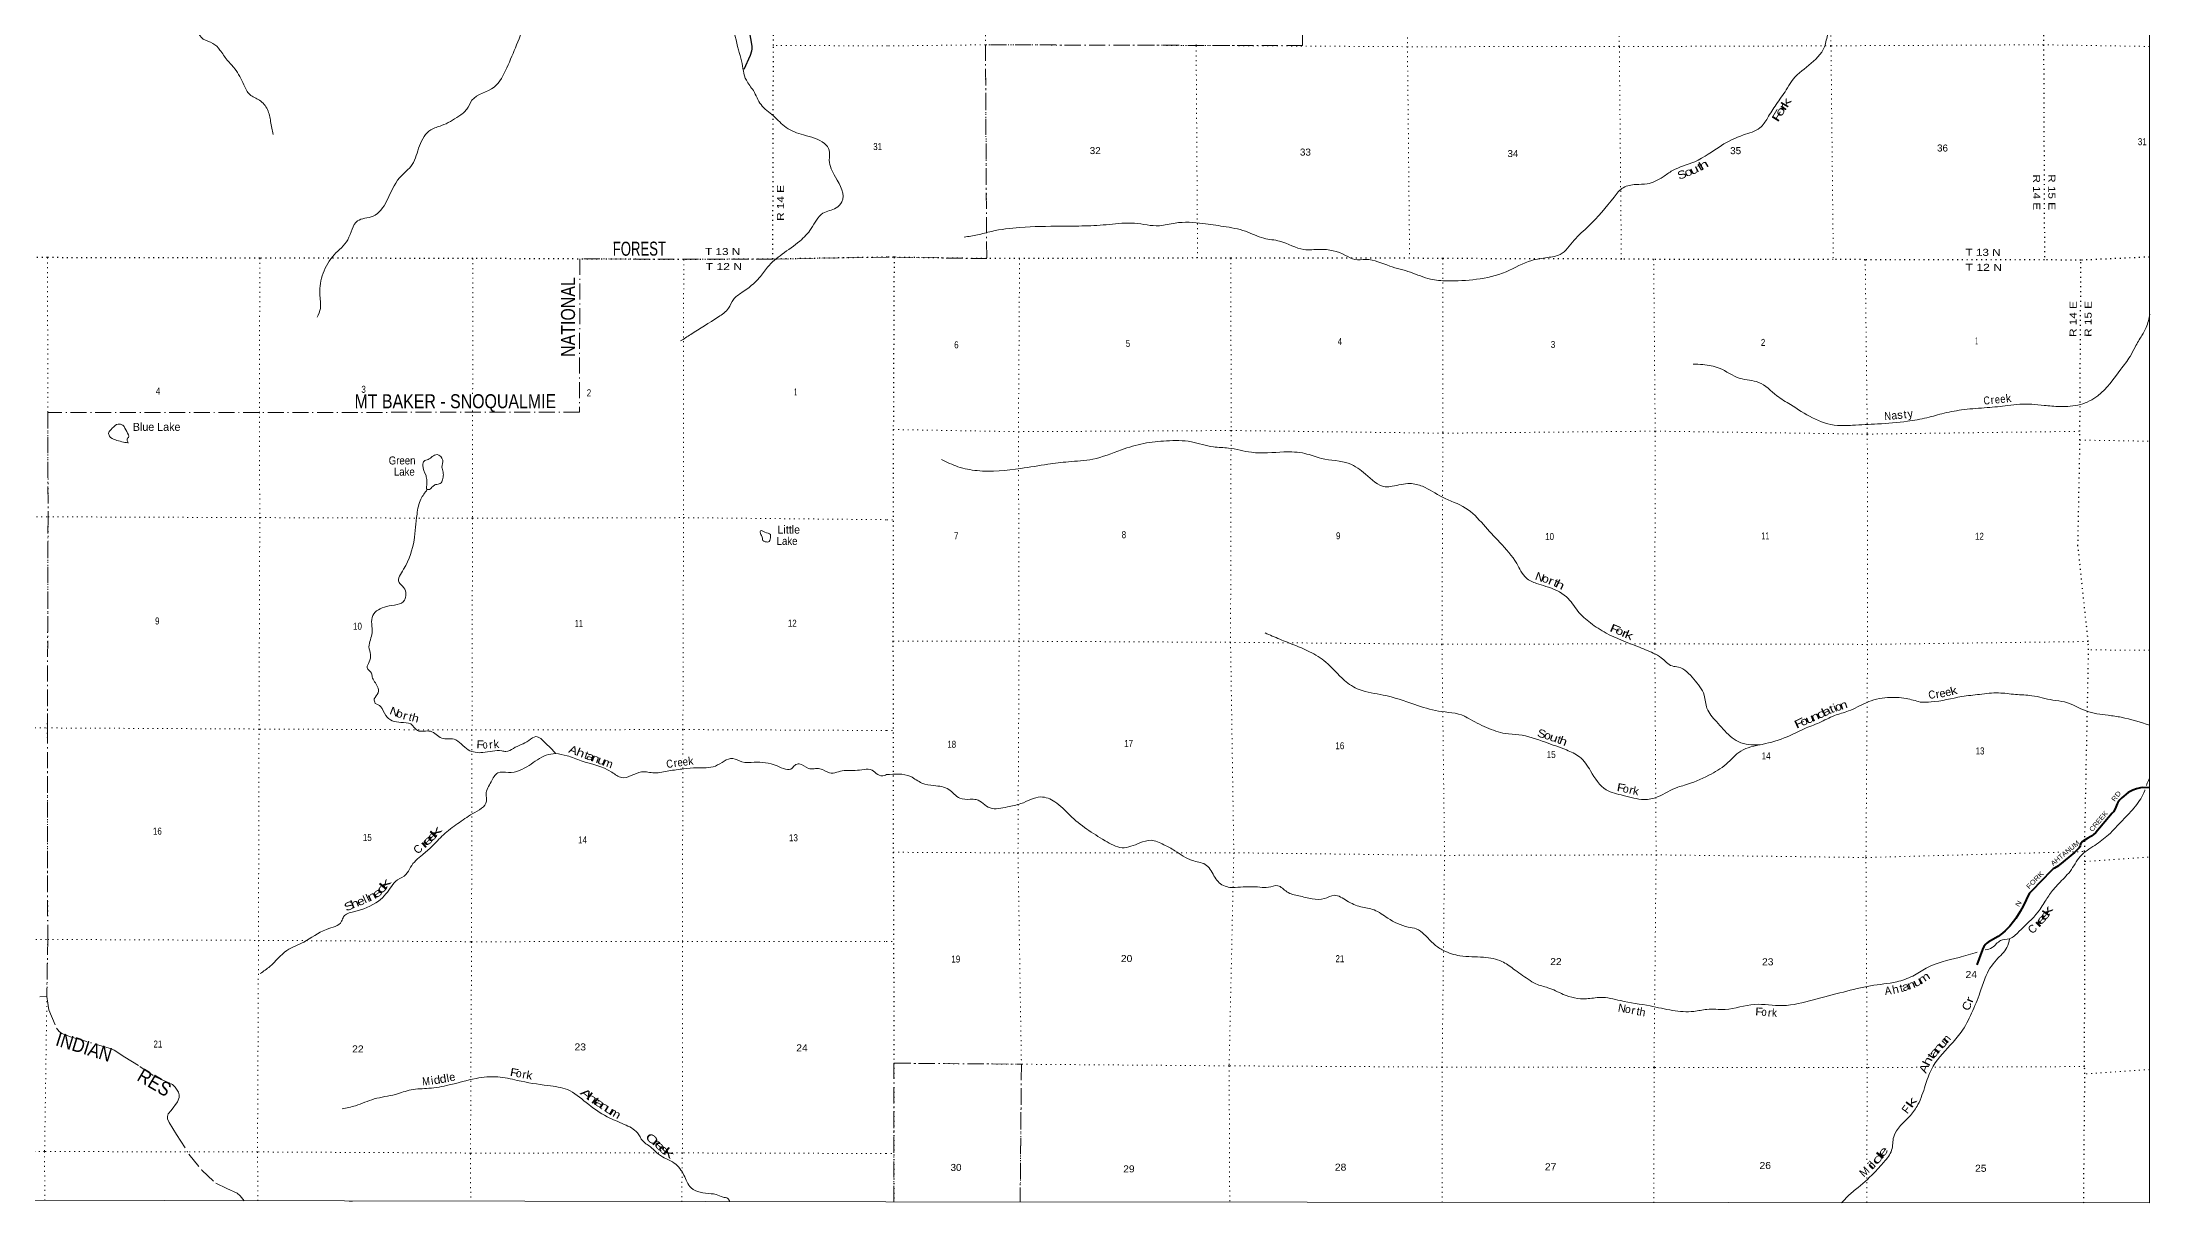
# Model space of a CAD drawing. Header units: feet. Extents: x -252658 to 9, y -366365 to -181930.
# Drawn here: x -52673 to 9, y -366365 to -337354 of the extents above; entities that cross this region are included whole.
import ezdxf
from ezdxf.enums import TextEntityAlignment as Align

# ---------------------------------------------------------------- set-up
doc = ezdxf.new("R2010")
doc.units = ezdxf.units.FT
doc.header["$LTSCALE"] = 80
doc.linetypes.add('DOT_DASHED', pattern=[7.7, 5, -1.2, 0.3, -1.2])
doc.linetypes.add('DOTTED', pattern=[1.5, 0.3, -1.2])
for name, color, linetype, lineweight in [('26', 7, 'Continuous', 40), ('29', 7, 'Continuous', 25), ('39', 7, 'Continuous', 13), ('4', 7, 'Continuous', 13), ('44', 7, 'DOT_DASHED', 13), ('6', 7, 'DOTTED', 25), ('7', 7, 'DOTTED', 13)]:
    doc.layers.add(name, color=color, linetype=linetype, lineweight=lineweight)
doc.layers.add('27', color=7, linetype='Continuous')
doc.layers.add('41', color=7, linetype='Continuous')

msp = doc.modelspace()

# ---------------------------------------------------------------- linework, layer by layer
at = {"layer": '26'}
msp.add_lwpolyline([(0, -355989.41), (-179.93, -355985.97), (-222.04, -355990.86), (-322.44, -356020.76), (-417.55, -356052.84), (-482.53, -356080.71), (-535.35, -356110.68), (-692.18, -356238.9), (-744.29, -356292.47), (-792.81, -356359.23), (-811.12, -356390.93), (-843.27, -356473.65), (-868.67, -356535.82), (-900.25, -356587.84), (-931.94, -356624.15), (-1344.86, -357112.6), (-1404.85, -357167.57), (-1433.97, -357192.48), (-1467.39, -357211.06), (-1545.51, -357247.61), (-1673.44, -357337.41), (-1710.57, -357374.56), (-1725.43, -357400.57), (-1736.56, -357439.58), (-1743.99, -357463.73), (-1755.13, -357489.73), (-1798.77, -357537.07), (-1877.51, -357612.54), (-2246.18, -357917.88), (-2277.63, -357939.12), (-2378.1, -357997.15), (-2407.69, -358020.05), (-2458.53, -358065.28), (-2940.49, -358562.47), (-2996.19, -358625.63), (-3029.95, -358682.82), (-3080.38, -358789.2), (-3148.98, -358933.72), (-3235.63, -359080.2), (-3344.44, -359256.77), (-3396.81, -359337.02), (-3490.01, -359446.68), (-3605.11, -359565.57), (-3674.44, -359625.72), (-3780.98, -359703.83), (-4033.02, -359852.57), (-4066.44, -359878.58), (-4092.43, -359902.73), (-4136.98, -359960.31), (-4175.08, -360030.42), (-4316.53, -360415.9)], dxfattribs=at)
at = {"layer": '29'}
msp.add_lwpolyline([(-35080.07, -336640.27), (-34936.09, -337451.94), (-34935.22, -337516.76), (-34942.08, -337578.53), (-34978.49, -337687.72), (-35132.18, -338040.63)], dxfattribs=at)
at = {"layer": '39'}
for points in [[(-37971.04, -325295.98), (-38176.41, -325776.39), (-38177.82, -326102.12), (-37940.27, -326493), (-37599.74, -326777.64), (-37256.76, -326959.74), (-37151.75, -327315.99), (-37097.22, -327722.34), (-36907.42, -327996.43), (-36723.88, -328322.78), (-36429.76, -328647.49), (-35947.21, -329097.48), (-35944.24, -329340.79), (-36103.23, -329844.96), (-36322.93, -330441.43), (-36443.19, -330821.07), (-36637.75, -331184.37), (-37033.72, -331631.46), (-37163.76, -331950.74), (-37270.3, -332412.86), (-37330.36, -332818.84), (-37300.53, -333357.82), (-37213.08, -333591.35), (-36756.95, -334107.61), (-36398.27, -334378.24), (-36236.13, -334541.65), (-36013.54, -334671.07), (-35418.72, -335191.81), (-35423.87, -335453.19), (-35557.88, -335758.39), (-35576.91, -336439.97), (-35432.06, -336880.8), (-35268.08, -337546.91), (-35190.88, -337824.64), (-35072.35, -338307.62), (-34896.55, -338565.58), (-34705.07, -338916.08), (-34394.69, -339198.61), (-34078.3, -339487.19), (-33640.85, -339673.63), (-33121.08, -339886.48), (-32999.18, -340055.78), (-32998.24, -340303.11), (-32843.26, -340725.88), (-32683.12, -341347.73), (-32826.49, -341496.06), (-33158.78, -341629.68), (-33449.93, -342012.77), (-33736.76, -342325.5), (-34176.44, -342653.81), (-34545.74, -342980.34), (-34743.88, -343239.07), (-35183.75, -343611.62), (-35395.59, -343785.85), (-35519.18, -344006.63), (-35771.4, -344220.95), (-36462.85, -344659.02), (-36714.86, -344823.06)], [(-39886.56, -326216.08), (-40155.8, -326517.84), (-40556.28, -327079.53), (-40593.83, -327393.09), (-40696.22, -327827.07), (-40838.75, -328244.84), (-40994.08, -328831.46), (-41141.04, -329343.72), (-40986.81, -329939.41), (-40750.74, -330205.61), (-40716.33, -330615.92), (-40991.76, -331083.52), (-41021.71, -331499.64), (-40972.03, -332099.01), (-40866.24, -332738.78), (-40857.5, -333042.43), (-40772.84, -333919.4), (-40646.71, -334504.95), (-40545.93, -334909.44), (-40458.19, -335539.1), (-40500.86, -336108), (-40598.34, -336799.38), (-40814.13, -337422), (-41059.87, -337996.26), (-41377.58, -338477.8), (-41929.85, -338807.74), (-42059.47, -339030.51), (-42261.26, -339204.78), (-42688.47, -339438.62), (-42958.32, -339544.3), (-43241.5, -339943.51), (-43424.46, -340413.42), (-43737.49, -340742.15), (-44063.69, -341328.21), (-44403.06, -341703.1), (-44789.56, -341822.47), (-45034.85, -342292.17), (-45374.22, -342669.07), (-45649.62, -343128.62), (-45734.28, -343645.11), (-45719.77, -344009.1), (-45799.12, -344228.01)], [(-55186.3, -333259.11), (-54617.15, -333674.57), (-54375.8, -333651.24), (-54203.06, -333686), (-53882.85, -334018.83), (-53512.68, -334424.21), (-53451.03, -334579.25), (-53441.56, -334711.99), (-53286.11, -335028.19), (-53089.81, -335191.71), (-52870.76, -335210.53), (-52577.46, -335259.76), (-52159.18, -335230.98), (-51683.3, -335363.25), (-51308.12, -335539.43), (-51029.14, -335646.92), (-50602.45, -335996.19), (-50369.97, -336163.85), (-50156.96, -336184.66), (-49952.79, -336388.42), (-49686.07, -336540.11), (-49214.86, -336823.18), (-48805.9, -337089.95), (-48645.87, -337275.47), (-48407.11, -337384.84), (-48228.9, -337550.31), (-48049.06, -337802.25), (-47857, -338018.03), (-47633.57, -338418.91), (-47481.85, -338664.72), (-47243.23, -338806.27), (-47041.19, -339040.18), (-46962.06, -339336.02), (-46903.17, -339663.97)], [(1.18, -334752.01), (-376.53, -334606.69), (-501.06, -334528.3), (-679.82, -334387.59), (-997.23, -334325.33), (-1260.43, -334371.63), (-1939.48, -334311.45), (-2499.96, -334178.86), (-2986.13, -334112.61), (-3450.26, -334209.22), (-3958.63, -334414.4), (-4981.41, -334869.01), (-5692.71, -335108.42), (-6247.29, -335319.65), (-6926.49, -335715.88), (-7272.18, -336079.87), (-7756.6, -336721.35), (-8034, -337135.59), (-8124.53, -337473.4), (-8516.46, -337931.89), (-8950.56, -338336.12), (-9079.22, -338545.25), (-9332.49, -338911.23), (-9547.59, -339251.07), (-9738.54, -339494.39), (-10150.46, -339673.42), (-10701.04, -339938.93), (-11368.2, -340345.21), (-11922.78, -340564.48), (-12159.9, -340721.36), (-12557.76, -340894.35), (-12837.03, -340912.51), (-13152.48, -340990.98), (-13383.61, -341224.26), (-14016.72, -341948.21), (-14382.5, -342306.18), (-14734.22, -342660.12), (-15041.63, -342736.58), (-15441.46, -342809.05), (-16080.45, -343090.66), (-16821.86, -343281.82), (-17561.21, -343320.18), (-17973.06, -343278.04), (-18471.25, -343105.23), (-18991.54, -342950.52), (-19586.17, -342785.77), (-19861.41, -342789.84), (-20092.41, -342683.33), (-20741.29, -342532.67), (-21135.07, -342536.77), (-21741.73, -342327.79), (-22139.5, -342255.49), (-22593.49, -342080.66), (-23145.94, -341960.13), (-23658.23, -341885.85), (-24353.36, -341875.94), (-24747.16, -341942.37), (-25369.95, -341880.17), (-26000.81, -341910.45), (-26615.6, -341946.77), (-27206.27, -341954.93), (-28234.93, -341985.3), (-28944.16, -342083.97), (-29297.79, -342170.5), (-29627.3, -342226.86)], [(8.63, -344155.32), (-80.71, -344482.75), (-189.28, -344683.84), (-360.15, -344975.41), (-486.81, -345214.7), (-717.96, -345530.41), (-1288.78, -346192.02), (-1728.84, -346411.27), (-2237.15, -346461.64), (-2636.95, -346433.57), (-3237.65, -346401.52), (-3543.04, -346437.78), (-4057.38, -346488.15), (-4631.99, -346538.53), (-5134.29, -346629.11), (-5562.26, -346739.78), (-6048.49, -346830.36), (-6795.89, -346896.86), (-7426.75, -346929.16), (-7800.44, -346935.27), (-8425.19, -346742.38), (-8973.55, -346412.75), (-9313, -346191.65), (-9770.95, -345857.98), (-10235.01, -345757.55), (-10755.27, -345500.3), (-11165.09, -345413.92), (-11406.17, -345401.91)], [(-50523.51, -347371.82), (-50844.33, -347295.83), (-50990.68, -347200.84), (-51010.41, -347114.31), (-50919.47, -347006.03), (-50772.26, -346899.95), (-50657.8, -346930.49), (-50559.97, -347087.65), (-50518.39, -347234.58), (-50552.72, -347270.66), (-50544.85, -347308.89), (-50523.01, -347373.3)], [(-43078.13, -348184.12), (-43159.45, -347930.49), (-43128.84, -347824.03), (-43024.12, -347782.15), (-42921.29, -347714.12), (-42802.46, -347662.23), (-42662.33, -347801.44), (-42681.18, -347974.3), (-42667.36, -348034.67), (-42645.82, -348165.44), (-42664.46, -348292.06), (-42723.17, -348386.37), (-42837.88, -348414.14), (-42910.45, -348460.15), (-42995.2, -348532.25), (-43051.49, -348532.07), (-43059.07, -348427.48), (-43058.62, -348322.93), (-43078.13, -348184.12)], [(-30195.85, -347788.33), (-29782.04, -347965.18), (-29301.91, -348063.6), (-28210.97, -348009.09), (-27535.88, -347904.4), (-27021.54, -347841.97), (-26414.77, -347777.5), (-25697.45, -347544.13), (-25138.87, -347383.16), (-24570.28, -347320.72), (-23949.49, -347342.71), (-23397.04, -347471.27), (-23021.35, -347499.34), (-22444.79, -347605.79), (-21635.13, -347597.58), (-21110.78, -347635.68), (-20698.96, -347758.24), (-20001.86, -347888.79), (-19596.12, -348150.08), (-19102.01, -348465.65), (-18927.21, -348455.56), (-18483.18, -348387.11), (-18171.8, -348455.4), (-17675.66, -348726.73), (-17095.14, -348998.05), (-16647.26, -349412.14), (-16239.58, -349860.43), (-15815.85, -350383.1), (-15578.91, -350746.97), (-15321.8, -350881.63), (-15088.78, -350955.97), (-14572.54, -351219.26), (-14287.38, -351575.08), (-13972.06, -351870.57), (-13580.38, -352123.83), (-12796.97, -352459.44), (-12403.25, -352624.23), (-12204.39, -352738.8), (-11931.23, -352945.83), (-11774.53, -352973.95), (-11390.91, -353275.46), (-11131.88, -353673.51), (-11061.68, -354003.24), (-10824.73, -354336.95), (-10479.3, -354700.8), (-10280.45, -354837.48), (-9728.55, -354919.42)], [(-44351.96, -353883.99), (-44370.83, -353769.74), (-44273.67, -353615.24), (-44289.1, -353464.38), (-44422.71, -353214.6), (-44444.45, -353128.07), (-44548.38, -352986.97), (-44499.51, -352844.37), (-44464.54, -352661.51), (-44503.91, -352466.33), (-44421.97, -352114.72), (-44437.11, -351895.5), (-44406.04, -351684.47), (-44063.31, -351460.4), (-43616.32, -351301.02), (-43631.05, -350989.3), (-43753.11, -350856.19), (-43641.12, -350528.81), (-43378.64, -349801.78), (-43303.44, -349148.54), (-43207.33, -348772.84), (-43047.12, -348538.74)], [(-34681.38, -349703.86), (-34725.18, -349603.17), (-34718.99, -349567), (-34608.57, -349601.55), (-34472.12, -349660.31), (-34478.66, -349778.92), (-34503.04, -349837.16), (-34597.54, -349840.86), (-34657.72, -349810.5), (-34667.51, -349750.15), (-34681.38, -349703.86)], [(-5729.56, -353849.34), (-6083.12, -353760.94), (-6545.2, -353734.9), (-7083.67, -353863.69), (-7521.73, -354070.87), (-7873.35, -354185.55), (-8255.14, -354364.57), (-8630.89, -354515.44), (-9054.88, -354714.58), (-9683.78, -354905.72), (-10214.24, -355072.71), (-10584.03, -355404.54), (-11014.06, -355676.06), (-11626.92, -355927.51), (-11785.65, -355971.77), (-12298.05, -356219.18), (-12633.59, -356283.59), (-13153.9, -356181.16), (-13579.78, -356044.52), (-13969.37, -355570.1), (-14248.5, -355218.3), (-14573.91, -355045.45), (-15100.22, -354852.54), (-15767.16, -354665.69), (-16100.66, -354635.6), (-16568.71, -354482.89), (-17028.71, -354253.77), (-17119.1, -354203.53), (-17769.99, -354074.98), (-18366.63, -353906.21), (-19152.09, -353673.14), (-19752.75, -353536.54), (-20122.34, -353307.41), (-20588.28, -352849.08), (-20994.02, -352589.8), (-21548.44, -352354.67), (-21926.09, -352197.92), (-22102.86, -352121.55)], [(-44347.45, -353886.36), (-44216.84, -353955.24), (-44084.49, -354187.31), (-43705.94, -354359.08), (-43460.84, -354396.09), (-43290.66, -354559.52), (-42969.09, -354578.68), (-42686.37, -354750.53), (-42378.9, -354777.68), (-42022.2, -355042.27), (-41658.62, -355109.83), (-41183.99, -355067.16), (-41081.53, -355083.59), (-40896.24, -355005.78), (-40509.4, -354807.99), (-40334.08, -354712.06), (-40095.54, -354871.69), (-39917.36, -355043.2), (-39843.37, -355133.93)], [(0.1, -354426.74), (-705.01, -354228.32), (-1034.48, -354178.12), (-1582.91, -354069.66), (-2121.26, -353846.59), (-2416.58, -353798.39), (-2940.91, -353689.93), (-3348.74, -353657.84), (-3770.63, -353619.73), (-4246.79, -353656.02), (-4690.82, -353710.39), (-5458.33, -353845.26), (-5729.56, -353849.34)], [(-47223.08, -360633.07), (-46981.06, -360454.92), (-46557.17, -360058.19), (-46136.1, -359850.46), (-45565.79, -359530.63), (-45188.98, -359328.79), (-45138.21, -359212.33), (-44888.4, -359090.5), (-44268.04, -358821.1), (-44080.31, -358642.76), (-43789.31, -358293.85), (-43581.67, -358161.83), (-43466.27, -357975.21), (-43169.4, -357664.52), (-42939.36, -357464.21), (-42644.55, -357165.58), (-42285.5, -356887.27), (-41912.5, -356637.16), (-41567.39, -356326.64), (-41578.69, -356151.66), (-41450.7, -355842.43), (-41284.88, -355617.77), (-41017.46, -355608.6), (-40504.06, -355433.36), (-40074.75, -355177.4), (-39843.03, -355134)], [(-39843.37, -355133.93), (-39554.11, -355189.17), (-39196.81, -355315.02), (-38432.1, -355601.06), (-38189.43, -355736.59), (-37692.26, -355595.47), (-37368.7, -355618.66), (-37008.63, -355569.58), (-36636.49, -355518.53), (-36312.7, -355489.44), (-35846.11, -355446.74), (-35411.06, -355259.17), (-35182.23, -355340.36), (-34874.69, -355351.43), (-34304.16, -355445.81), (-33924.44, -355501.35), (-33853.74, -355423.17), (-33753.08, -355391.33), (-33520.38, -355506.71), (-33234.95, -355515.7), (-32992.13, -355617.04), (-32628.01, -355559.93), (-32352.58, -355558.83), (-31930.39, -355554.19), (-31788.09, -355655.2), (-31623.38, -355687.92), (-31566.98, -355661.96)], [(-31566.98, -355661.96), (-31261.46, -355648.03), (-30964.14, -355710.3), (-30682.93, -355875.11), (-30383.6, -355935.37), (-30011.96, -356031.8), (-29734.78, -356250.9), (-29475.62, -356279), (-29326.95, -356287.01), (-28981.47, -356494.03), (-28547.5, -356467.8), (-28209.95, -356387.31), (-27711.64, -356220.33), (-27362.1, -356338.88), (-26986.53, -356674.58), (-26562.74, -357022.33), (-26106.78, -357313.77), (-25678.91, -357488.61), (-25236.88, -357369.89), (-24957.59, -357303.48), (-24636.18, -357414), (-24358.98, -357562.73), (-23929.13, -357807.94), (-23603.69, -357906.39), (-23475.16, -358031.02), (-23282.4, -358336.6), (-22983.1, -358479.29), (-22717.9, -358471.19), (-22235.72, -358475.11), (-22020.75, -358477.08), (-21787.69, -358438.83), (-21560.72, -358591.59), (-21263.41, -358692.06), (-20929.93, -358766.39), (-20624.55, -358762.3), (-20377.4, -358677.81), (-20060.02, -358818.48), (-19714.51, -358963.18), (-19381.04, -359045.54), (-19041.58, -359248.55), (-18529.34, -359471.62), (-18326.45, -359517.82), (-18127.6, -359654.5), (-17872.54, -359907.79), (-17649.58, -360056.53), (-17235.76, -360189.14), (-16645.11, -360227.22), (-16185.07, -360331.68), (-15897.84, -360520.62), (-15530.27, -360775.89), (-15335.43, -360892.47), (-15036.11, -360986.9), (-14652.44, -361153.71), (-14073.87, -361264.17), (-13722.27, -361229.92), (-13226.06, -361310.24), (-12480.74, -361444.8), (-11920.25, -361555.27), (-11389.87, -361579.29), (-11066.39, -361530.97), (-10610.33, -361528.86), (-9872.96, -361406.07), (-9169.79, -361436.08), (-8402.27, -361287.14), (-7648.8, -361095.98), (-6969.68, -360939.01), (-6318.71, -360840.36), (-5916.84, -360695.51), (-5581.26, -360498.4), (-4761.46, -360228.81), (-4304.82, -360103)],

^^^^^^^^

**Activity:**
Every line from the top of the material above through the line with "from ezdxf.enums import" should be duplicated exactly, please; leave out the pictures.

**Expected output:**
# Model space of a CAD drawing. Header units: feet. Extents: x -252658 to 9, y -366365 to -181930.
# Drawn here: x -52673 to 9, y -366365 to -337354 of the extents above; entities that cross this region are included whole.
import ezdxf
from ezdxf.enums import TextEntityAlignment as Align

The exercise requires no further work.